Adding the per-head linear distance bias to scores produces attention that decays with distance (local focus), whereas no positional encoding gives position-agnostic attention. Comparing the distributions shows ALiBi's built-in recency/locality bias — the mechanism behind its extrapolation (Exercise 4).

Exercise 13Code
Implement RMSNorm and SwiGLU; verify the SwiGLU FFN matches a 4d GELU FFN at hidden=(8/3)d.

Solution

RMSNorm divides by the root-mean-square (no mean subtraction); SwiGLU gates one projection by the SiLU of another. Setting the SwiGLU hidden width to (8/3)d makes its three matrices total the same parameter count as the two-matrix 4d GELU FFN — confirming the parameter-match of Chapter 10's Exercise 8 in a built block.

Exercise 14Code Lab
Implement GQA with configurable groups; measure KV-cache size for MHA, GQA-8, MQA; confirm reductions.

Solution

Implementing grouped K/V projections and measuring cache size confirms MHA (full), GQA-8 (8× smaller for 64 heads), and MQA (heads× smaller) follow the expected ratios of Exercise 8 — a direct demonstration of the memory/quality dial.

Exercise 15Code
Implement the KV-cache; measure memory growth with length; switch to GQA and show the expected shrink.

Solution

Caching K/V during generation shows memory growing linearly with sequence length (Exercise 6). Switching the model to GQA reduces the cache by the group factor, visibly lowering the memory-vs-length curve — the practical payoff for long-context serving.

Exercise 16Code
Compare naive attention to F.scaled_dot_product_attention (FlashAttention) at T=4096; verify and measure.

Solution

The fused FlashAttention kernel produces identical outputs (to ~1e−5) but at T=4096 runs faster and uses dramatically less peak memory than the naive implementation that materializes the score matrix — confirming Exercise 9's IO-traffic argument empirically.

Exercise 17Code
Implement a sliding-window attention mask; verify the receptive field grows with stacked layers.

Solution

Masking attention to a local window and stacking layers on a synthetic propagation task shows information reaching tokens up to ≈ w×L away (Exercise 10) — demonstrating that local attention plus depth still captures long-range dependencies.

Exercise 18Code Lab
Build a top-1 MoE FFN over 4 experts; verify each token uses one expert; measure active vs total params.

Solution

A top-1 router sends each token to a single expert, so only one expert's parameters are active per token while all four exist in memory. Measuring active (≈¼ of total FFN) vs total parameters previews the MoE capacity/compute decoupling explored fully in Chapter 32.

Exercise 19Code
Assemble a modern decoder block (RMSNorm + RoPE + GQA + SwiGLU, no biases); compare param count to the Ch13 baseline.

Solution

Wiring the modern components into one block and verifying shape flow, then comparing parameter counts, shows the modern block achieves similar or better capacity with efficiency wins (smaller KV cache via GQA, cheaper norm) — the consolidated 'modern recipe' of Exercise 5.
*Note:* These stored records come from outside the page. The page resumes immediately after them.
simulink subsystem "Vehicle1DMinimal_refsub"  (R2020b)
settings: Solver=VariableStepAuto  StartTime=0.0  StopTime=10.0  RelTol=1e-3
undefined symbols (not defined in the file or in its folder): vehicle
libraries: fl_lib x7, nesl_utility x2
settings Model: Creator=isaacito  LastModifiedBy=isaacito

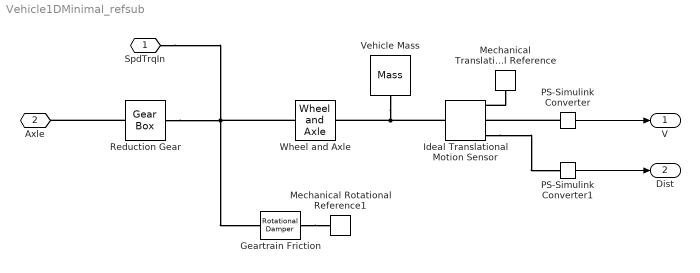
== system Vehicle1DMinimal_refsub ==
  Geartrain Friction : fl_lib/Mechanical/Rotational Elements/Rotational Damper  D=vehicle.geartrainFriction_Nm_per_rpm m*N/rpm  w_specify=off  w_priority=None  w=0 rad/s  w_nominal_specify=off  w_nominal_unit=rad/s  w_nominal_value=1  t_specify=off  t_priority=None  t=0 N*m  t_nominal_specify=off  t_nominal_unit=N*m  t_nominal_value=1
      settings: AttributesFormatString=|
      | %<D>
      | %<D_unit>
  Ideal Translational Motion Sensor : fl_lib/Mechanical/Mechanical Sensors/Ideal Translational Motion Sensor  offset=0 m
      settings: AttributesFormatString=Initial: %<offset> %<offset_unit>
  Mechanical Rotational Reference1 : fl_lib/Mechanical/Rotational Elements/Mechanical Rotational Reference
  Mechanical Translational Reference : fl_lib/Mechanical/Translational Elements/Mechanical Translational Reference
  PS-Simulink Converter : nesl_utility/PS-Simulink Converter  PhysicalDomain=network_engine_domain  SubClassName=ps_output  LeftPortType=input  RightPortType=output  PseudoPeriodic=off  Frequencies=[]  Unit=km/hr  AffineConversion=off
  PS-Simulink Converter1 : nesl_utility/PS-Simulink Converter  PhysicalDomain=network_engine_domain  SubClassName=ps_output  LeftPortType=input  RightPortType=output  PseudoPeriodic=off  Frequencies=[]  Unit=km  AffineConversion=off
  Reduction Gear : fl_lib/Mechanical/Mechanisms/Gear Box  ratio=vehicle.reducerGearRatio_1  t_in_specify=off  t_in_priority=None  t_in=0 N*m  t_in_nominal_specify=off  t_in_nominal_unit=N*m  t_in_nominal_value=1  t_out_specify=off  t_out_priority=None  t_out=0 N*m  t_out_nominal_specify=off  t_out_nominal_unit=N*m  t_out_nominal_value=1
      settings: AttributesFormatString=%<ratio>
  Vehicle Mass : fl_lib/Mechanical/Translational Elements/Mass  mass=vehicle.mass_kg kg  num_ports=foundation.enum.numPorts2.one  v_specify=on  v_priority=High  v=initial.vehicleSpeed_kph km/hr  v_nominal_specify=off  v_nominal_unit=m/s  v_nominal_value=1  f_specify=off  f_priority=None  f=0 N  f_nominal_specify=off  f_nominal_unit=N  f_nominal_value=1
      settings: AttributesFormatString=|
      | %<v> [%<v_unit>]
      | %<mass> [%<mass_unit>]
  Wheel and Axle : fl_lib/Mechanical/Mechanisms/Wheel and Axle  R=vehicle.tireRollingRadius_m m  or=1  t_specify=off  t_priority=None  t=0 N*m  t_nominal_specify=off  t_nominal_unit=N*m  t_nominal_value=1  f_specify=off  f_priority=None  f=0 N  f_nominal_specify=off  f_nominal_unit=N  f_nominal_value=1
      settings: AttributesFormatString=|
      | %<R>
      | %<R_unit>
  SpdTrqIn : PMIOPort  Side=Left
  Axle : PMIOPort  Port=2  Side=Left
  V : Outport
  Dist : Outport  Port=2
  wires:
  PS-Simulink Converter/1 -> V/1
  PS-Simulink Converter1/1 -> Dist/1
  connections:
  Wheel and Axle/LConn1 -- SpdTrqIn/RConn1 -- Geartrain Friction/LConn1 -- Reduction Gear/RConn1
  Ideal Translational Motion Sensor/LConn1 -- Wheel and Axle/RConn1 -- Vehicle Mass/LConn1
  Reduction Gear/LConn1 -- Axle/RConn1
  Geartrain Friction/RConn1 -- Mechanical Rotational Reference1/LConn1
  Ideal Translational Motion Sensor/RConn3 -- PS-Simulink Converter1/LConn1
  Mechanical Translational Reference/LConn1 -- Ideal Translational Motion Sensor/RConn1
  PS-Simulink Converter/LConn1 -- Ideal Translational Motion Sensor/RConn2
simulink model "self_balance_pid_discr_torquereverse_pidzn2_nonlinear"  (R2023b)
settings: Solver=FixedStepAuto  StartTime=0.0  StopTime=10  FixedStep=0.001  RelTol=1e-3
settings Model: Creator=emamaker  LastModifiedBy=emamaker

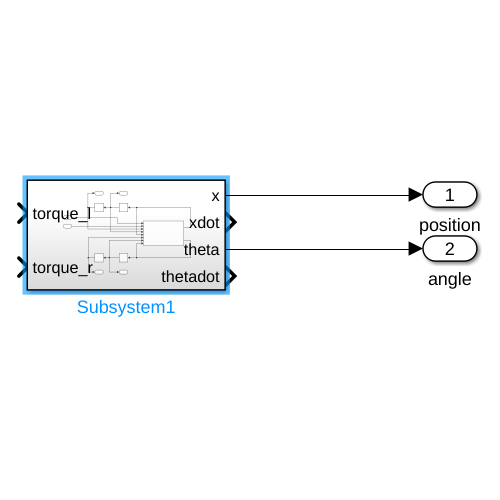
[thumbnail: Simulink's stored preview of the top-level diagram]
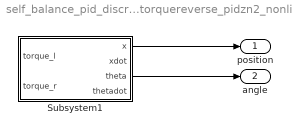
== system self_balance_pid_discr_torquereverse_pidzn2_nonlinear ==
  Subsystem1 : Subsystem
  position : Outport
  angle : Outport  Port=2
  wires:
  Subsystem1/1(x) -> position/1
  Subsystem1/3(theta) -> angle/1

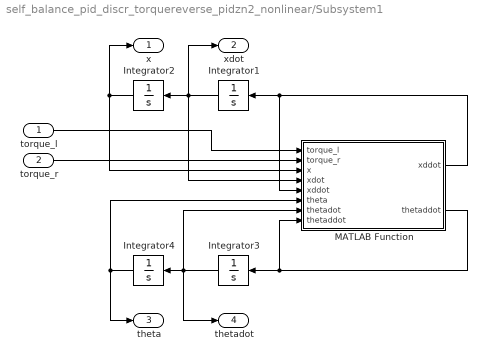
== system self_balance_pid_discr_torquereverse_pidzn2_nonlinear/Subsystem1 ==
  torque_l : Inport
  torque_r : Inport  Port=2
  Integrator{1..4} (4 alike) : Integrator
  MATLAB Function : MATLAB Function  TreatAsAtomicUnit=on
  x : Outport
  xdot : Outport  Port=2
  theta : Outport  Port=3
  thetadot : Outport  Port=4
  wires:
  MATLAB Function/1(xddot) -> Integrator1/1, MATLAB Function/5("xddot ")
  MATLAB Function/2(thetaddot) -> Integrator3/1, MATLAB Function/8("thetaddot ")
  Integrator3/1 -> thetadot/1, Integrator4/1, MATLAB Function/7(thetadot)
  Integrator1/1 -> Integrator2/1, MATLAB Function/4(xdot), xdot/1
  Integrator4/1 -> theta/1, MATLAB Function/6(theta)
  Integrator2/1 -> x/1, MATLAB Function/3(x)
  torque_r/1 -> MATLAB Function/2(torque_r)
  torque_l/1 -> MATLAB Function/1(torque_l)

== matlab function self_balance_pid_discr_torquereverse_pidzn2_nonlinear/Subsystem1/MATLAB Function ==
  data: torque_l input; torque_r input; x input; xdot input; xddot input; theta input; xddot output; thetadot input; thetaddot output; thetaddot input
function [xddot, thetaddot]= fcn(torque_l, torque_r, x, xdot, xddot, theta, thetadot, thetaddot)


b = 0.1;
g = 9.81;
M_wheel = 0.012;
M_body=0.232;

r = 0.032;
l = 0.035;

% inertia
I_wheel = (M_wheel*r^2); %placeholder
I_body = M_body*l^2/3; %placeholder


xddot_num = (torque_l + torque_r) / r - 2*b*xdot/(r^2) + M_body*l*(sin(theta)* thetadot^2 - cos(theta)*thetaddot);
xddot_den = M_body + 2*I_wheel/(r^2) +2*M_wheel;

thetaddot_num = -(torque_l + torque_r) + M_body*l(g*sin(theta) - xddot*cos(theta));
thetaddot_den = I_body + M_body*l^2;


xddot = xddot_num / xddot_den;
thetaddot = thetaddot_num / thetaddot_den;

Exercise 20Code (Challenge)
Modernize a GPT-2-style model (RoPE, RMSNorm, SwiGLU, GQA); train both and compare perplexity, memory, speed.

Solution

Swapping in the modern components and training alongside the baseline on the same data typically yields comparable or better perplexity with lower memory (RMSNorm, GQA cache) and faster generation — a hands-on demonstration of why the field migrated from the original Transformer to the LLaMA-style recipe.